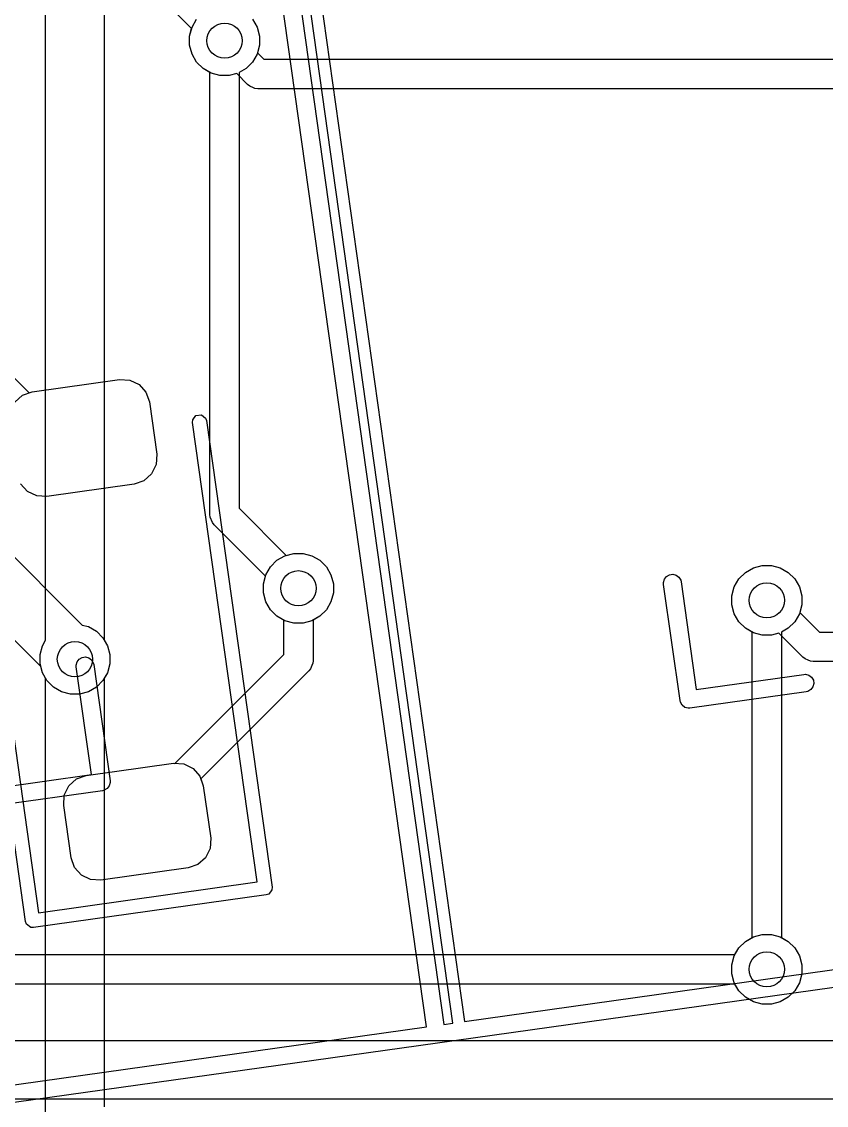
# Model space of a CAD drawing. Header units: millimetres. Extents: x 14 to 286, y -133 to -45.
# Drawn here: x 175.84 to 182.69, y -111.39 to -102.16 of the extents above; entities that cross this region are included whole.
import ezdxf

# ---------------------------------------------------------------- set-up
doc = ezdxf.new("R2010")
doc.units = ezdxf.units.MM
for name, color, linetype, true_color in [('B.Cu', 153, 'CONTINUOUS', 0x4d7fc4), ('F.Cu', 13, 'CONTINUOUS', 0xc83434), ('F.Mask', 201, 'CONTINUOUS', 0xd864ff), ('F.Paste', 253, 'CONTINUOUS', 0xb4a09a), ('F.Silkscreen', 41, 'CONTINUOUS', 0xf2eda1), ('User.Drawings', 9, 'CONTINUOUS', 0xc2c2c2)]:
    doc.layers.add(name, color=color, linetype=linetype, true_color=true_color)

msp = doc.modelspace()

# ---------------------------------------------------------------- linework, layer by layer
at = {"layer": 'B.Cu', "linetype": 'CONTINUOUS'}
for p, q in [((176.5396, -90.9288), (176.5396, -107.428046)), ((176.0396, -107.428046), (176.0396, -91.032354)), ((177.283189, -102.220265), (177.128212, -102.065288)), ((177.265967, -102.284542), (177.283189, -102.220265)), ((177.801406, -102.141072), (177.840564, -102.208895)), ((177.840564, -102.208895), (177.860833, -102.284542)), ((177.265967, -102.362858), (177.265967, -102.284542)), ((177.860833, -102.284542), (177.860833, -102.362858)), ((177.286236, -102.438505), (177.265967, -102.362858)), ((177.860833, -102.362858), (177.840564, -102.438505)), ((177.325394, -102.506328), (177.286236, -102.438505)), ((177.380772, -102.561706), (177.325394, -102.506328)), ((177.801406, -102.506328), (177.746028, -102.561706)), ((177.840564, -102.438505), (177.801406, -102.506328)), ((177.4384, -102.594977), (177.380772, -102.561706)), ((177.4384, -106.3569), (177.4384, -102.594977)), ((177.746028, -102.561706), (177.6884, -102.594977)), ((177.6884, -102.594977), (177.6884, -106.305123)), ((177.440802, -106.381286), (177.4384, -106.3569)), ((177.459466, -106.426346), (177.440802, -106.381286)), ((177.6884, -106.305123), (178.088965, -106.705689)), ((177.459471, -106.426351), (177.459466, -106.426346)), ((177.475012, -106.445288), (177.459471, -106.426351)), ((177.912189, -106.882465), (177.475012, -106.445288)), ((178.088965, -106.705689), (178.153242, -106.688467)), ((178.153242, -106.688467), (178.231558, -106.688467)), ((178.231558, -106.688467), (178.307205, -106.708736)), ((178.307205, -106.708736), (178.375028, -106.747894)), ((178.375028, -106.747894), (178.430406, -106.803272)), ((178.430406, -106.803272), (178.469564, -106.871095)), ((181.997672, -106.850394), (182.065495, -106.811236)), ((182.065495, -106.811236), (182.141142, -106.790967)), ((182.141142, -106.790967), (182.219458, -106.790967)), ((182.219458, -106.790967), (182.295105, -106.811236)), ((182.295105, -106.811236), (182.362928, -106.850394)), ((177.894967, -106.946742), (177.912189, -106.882465)), ((178.469564, -106.871095), (178.489833, -106.946742)), ((181.903136, -106.973595), (181.942294, -106.905772)), ((181.942294, -106.905772), (181.997672, -106.850394)), ((182.362928, -106.850394), (182.418306, -106.905772)), ((182.418306, -106.905772), (182.457464, -106.973595)), ((177.894967, -107.025058), (177.894967, -106.946742)), ((177.915236, -107.100705), (177.894967, -107.025058)), ((178.489833, -107.025058), (178.469564, -107.100705)), ((178.489833, -106.946742), (178.489833, -107.025058)), ((181.882867, -107.049242), (181.903136, -106.973595)), ((182.457464, -106.973595), (182.477733, -107.049242)), ((177.954394, -107.168528), (177.915236, -107.100705)), ((178.469564, -107.100705), (178.430406, -107.168528)), ((181.882867, -107.127558), (181.882867, -107.049242)), ((182.477733, -107.049242), (182.477733, -107.127558)), ((178.009772, -107.223906), (177.954394, -107.168528)), ((178.430406, -107.168528), (178.375028, -107.223906)), ((181.903136, -107.203205), (181.882867, -107.127558)), ((181.942294, -107.271028), (181.903136, -107.203205)), ((182.457464, -107.203205), (182.418306, -107.271028)), ((182.477733, -107.127558), (182.457464, -107.203205)), ((178.077595, -107.263064), (178.009772, -107.223906)), ((178.153242, -107.283333), (178.077595, -107.263064)), ((178.231558, -107.283333), (178.153242, -107.283333)), ((178.307205, -107.263064), (178.231558, -107.283333)), ((178.375028, -107.223906), (178.307205, -107.263064)), ((181.997672, -107.326406), (181.942294, -107.271028)), ((182.418306, -107.271028), (182.362928, -107.326406)), ((182.0553, -107.359677), (181.997672, -107.326406)), ((182.0553, -109.959022), (182.0553, -107.359677)), ((182.362928, -107.326406), (182.3053, -107.359677)), ((182.3053, -107.359677), (182.3053, -109.959022)), ((175.992167, -107.550742), (176.012436, -107.475095)), ((176.012436, -107.475095), (176.0396, -107.428046)), ((176.5396, -107.428046), (176.566764, -107.475095)), ((176.566764, -107.475095), (176.587033, -107.550742)), ((175.992167, -107.629058), (175.992167, -107.550742)), ((176.587033, -107.550742), (176.587033, -107.629058)), ((176.012436, -107.704705), (175.992167, -107.629058)), ((176.587033, -107.629058), (176.566764, -107.704705)), ((176.0397, -107.751927), (176.012436, -107.704705)), ((176.0397, -111.5038), (176.0397, -107.751927)), ((176.566764, -107.704705), (176.5397, -107.75158)), ((176.5397, -107.75158), (176.5397, -111.400246)), ((181.997672, -109.992294), (182.0553, -109.959022)), ((182.3053, -109.959022), (182.362928, -109.992294)), ((181.903136, -110.115495), (181.942294, -110.047672)), ((181.942294, -110.047672), (181.997672, -109.992294)), ((182.362928, -109.992294), (182.418306, -110.047672)), ((182.418306, -110.047672), (182.457464, -110.115495)), ((181.882867, -110.191142), (181.903136, -110.115495)), ((182.457464, -110.115495), (182.477733, -110.191142)), ((181.882867, -110.269458), (181.882867, -110.191142)), ((182.477733, -110.191142), (182.477733, -110.269458)), ((181.903136, -110.345105), (181.882867, -110.269458)), ((181.942294, -110.412928), (181.903136, -110.345105)), ((182.457464, -110.345105), (182.418306, -110.412928)), ((182.477733, -110.269458), (182.457464, -110.345105)), ((181.997672, -110.468306), (181.942294, -110.412928)), ((182.418306, -110.412928), (182.362928, -110.468306)), ((182.065495, -110.507464), (181.997672, -110.468306)), ((182.141142, -110.527733), (182.065495, -110.507464)), ((182.219458, -110.527733), (182.141142, -110.527733)), ((182.295105, -110.507464), (182.219458, -110.527733)), ((182.362928, -110.468306), (182.295105, -110.507464))]:
    msp.add_line(p, q, dxfattribs=at)
at = {"layer": 'B.Cu'}
for centre in [(177.5634, -102.3237), (178.1924, -106.9859), (182.1803, -107.0884), (176.2896, -107.5899), (182.1803, -110.2303)]:
    msp.add_circle(centre, 0.15, dxfattribs=at)
at = {"layer": 'F.Cu', "linetype": 'CONTINUOUS'}
for p, q in [((177.265967, -102.284542), (177.286236, -102.208895)), ((177.286236, -102.208895), (177.325394, -102.141072)), ((177.801406, -102.141072), (177.840564, -102.208895)), ((177.840564, -102.208895), (177.860833, -102.284542)), ((177.265967, -102.362858), (177.265967, -102.284542)), ((177.860833, -102.284542), (177.860833, -102.362858)), ((177.286236, -102.438505), (177.265967, -102.362858)), ((177.860833, -102.362858), (177.84361, -102.427134)), ((177.325394, -102.506328), (177.286236, -102.438505)), ((177.380772, -102.561706), (177.325394, -102.506328)), ((177.84361, -102.427134), (177.898576, -102.4821)), ((177.898576, -102.4821), (191.337824, -102.4821)), ((177.448595, -102.600864), (177.380772, -102.561706)), ((177.524242, -102.621133), (177.448595, -102.600864)), ((177.602558, -102.621133), (177.524242, -102.621133)), ((177.666834, -102.60391), (177.602558, -102.621133)), ((177.758412, -102.695488), (177.666834, -102.60391)), ((177.777348, -102.711028), (177.758412, -102.695488)), ((177.777354, -102.711034), (177.777348, -102.711028)), ((177.809215, -102.724231), (177.777354, -102.711034)), ((177.822413, -102.729698), (177.809215, -102.724231)), ((177.822414, -102.729698), (177.822413, -102.729698)), ((177.8468, -102.7321), (177.822414, -102.729698)), ((191.3896, -102.7321), (177.8468, -102.7321)), ((175.62781, -105.049334), (175.900235, -105.321759)), ((175.926386, -105.312627), (176.669087, -105.208247)), ((176.669087, -105.208247), (176.756736, -105.213224)), ((176.756736, -105.213224), (176.835809, -105.251365)), ((176.835809, -105.251365), (176.894267, -105.316861)), ((175.900235, -105.321759), (175.926386, -105.312627)), ((176.894267, -105.316861), (176.923211, -105.399744)), ((176.923211, -105.399744), (176.985839, -105.845364)), ((176.985839, -105.845364), (176.980862, -105.933014)), ((176.942721, -106.012087), (176.877225, -106.070545)), ((176.980862, -105.933014), (176.942721, -106.012087)), ((175.124577, -106.071323), (176.351929, -107.298675)), ((175.884919, -106.160751), (175.826461, -106.095255)), ((176.794342, -106.099489), (176.051641, -106.203869)), ((176.877225, -106.070545), (176.794342, -106.099489)), ((175.963992, -106.198892), (175.884919, -106.160751)), ((176.051641, -106.203869), (175.963992, -106.198892)), ((175.998375, -107.652229), (174.844246, -106.4981)), ((177.954394, -106.803272), (178.009772, -106.747894)), ((178.009772, -106.747894), (178.077595, -106.708736)), ((178.077595, -106.708736), (178.153242, -106.688467)), ((178.153242, -106.688467), (178.231558, -106.688467)), ((178.231558, -106.688467), (178.307205, -106.708736)), ((178.307205, -106.708736), (178.375028, -106.747894)), ((178.375028, -106.747894), (178.430406, -106.803272)), ((177.915236, -106.871095), (177.954394, -106.803272)), ((178.430406, -106.803272), (178.469564, -106.871095)), ((181.997672, -106.850394), (182.065495, -106.811236)), ((182.065495, -106.811236), (182.141142, -106.790967)), ((182.141142, -106.790967), (182.219458, -106.790967)), ((182.219458, -106.790967), (182.295105, -106.811236)), ((182.295105, -106.811236), (182.362928, -106.850394)), ((177.894967, -106.946742), (177.915236, -106.871095)), ((178.469564, -106.871095), (178.489833, -106.946742)), ((181.903136, -106.973595), (181.942294, -106.905772)), ((181.942294, -106.905772), (181.997672, -106.850394)), ((182.362928, -106.850394), (182.418306, -106.905772)), ((182.418306, -106.905772), (182.457464, -106.973595)), ((177.894967, -107.025058), (177.894967, -106.946742)), ((177.915236, -107.100705), (177.894967, -107.025058)), ((178.489833, -107.025058), (178.469564, -107.100705)), ((178.489833, -106.946742), (178.489833, -107.025058)), ((181.882867, -107.049242), (181.903136, -106.973595)), ((182.457464, -106.973595), (182.477733, -107.049242)), ((177.954394, -107.168528), (177.915236, -107.100705)), ((178.469564, -107.100705), (178.430406, -107.168528)), ((181.882867, -107.127558), (181.882867, -107.049242)), ((182.477733, -107.049242), (182.477733, -107.127558)), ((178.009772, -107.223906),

- [THE TASK] Please leave out the pictures as you reproduce the lines exactly, from the first line of the entries through the line containing "doc.units = ezdxf.units.MM".

- [REPLY]
# Model space of a CAD drawing. Header units: millimetres. Extents: x 14 to 286, y -133 to -45.
# Drawn here: x 175.84 to 182.69, y -111.39 to -102.16 of the extents above; entities that cross this region are included whole.
import ezdxf

# ---------------------------------------------------------------- set-up
doc = ezdxf.new("R2010")
doc.units = ezdxf.units.MM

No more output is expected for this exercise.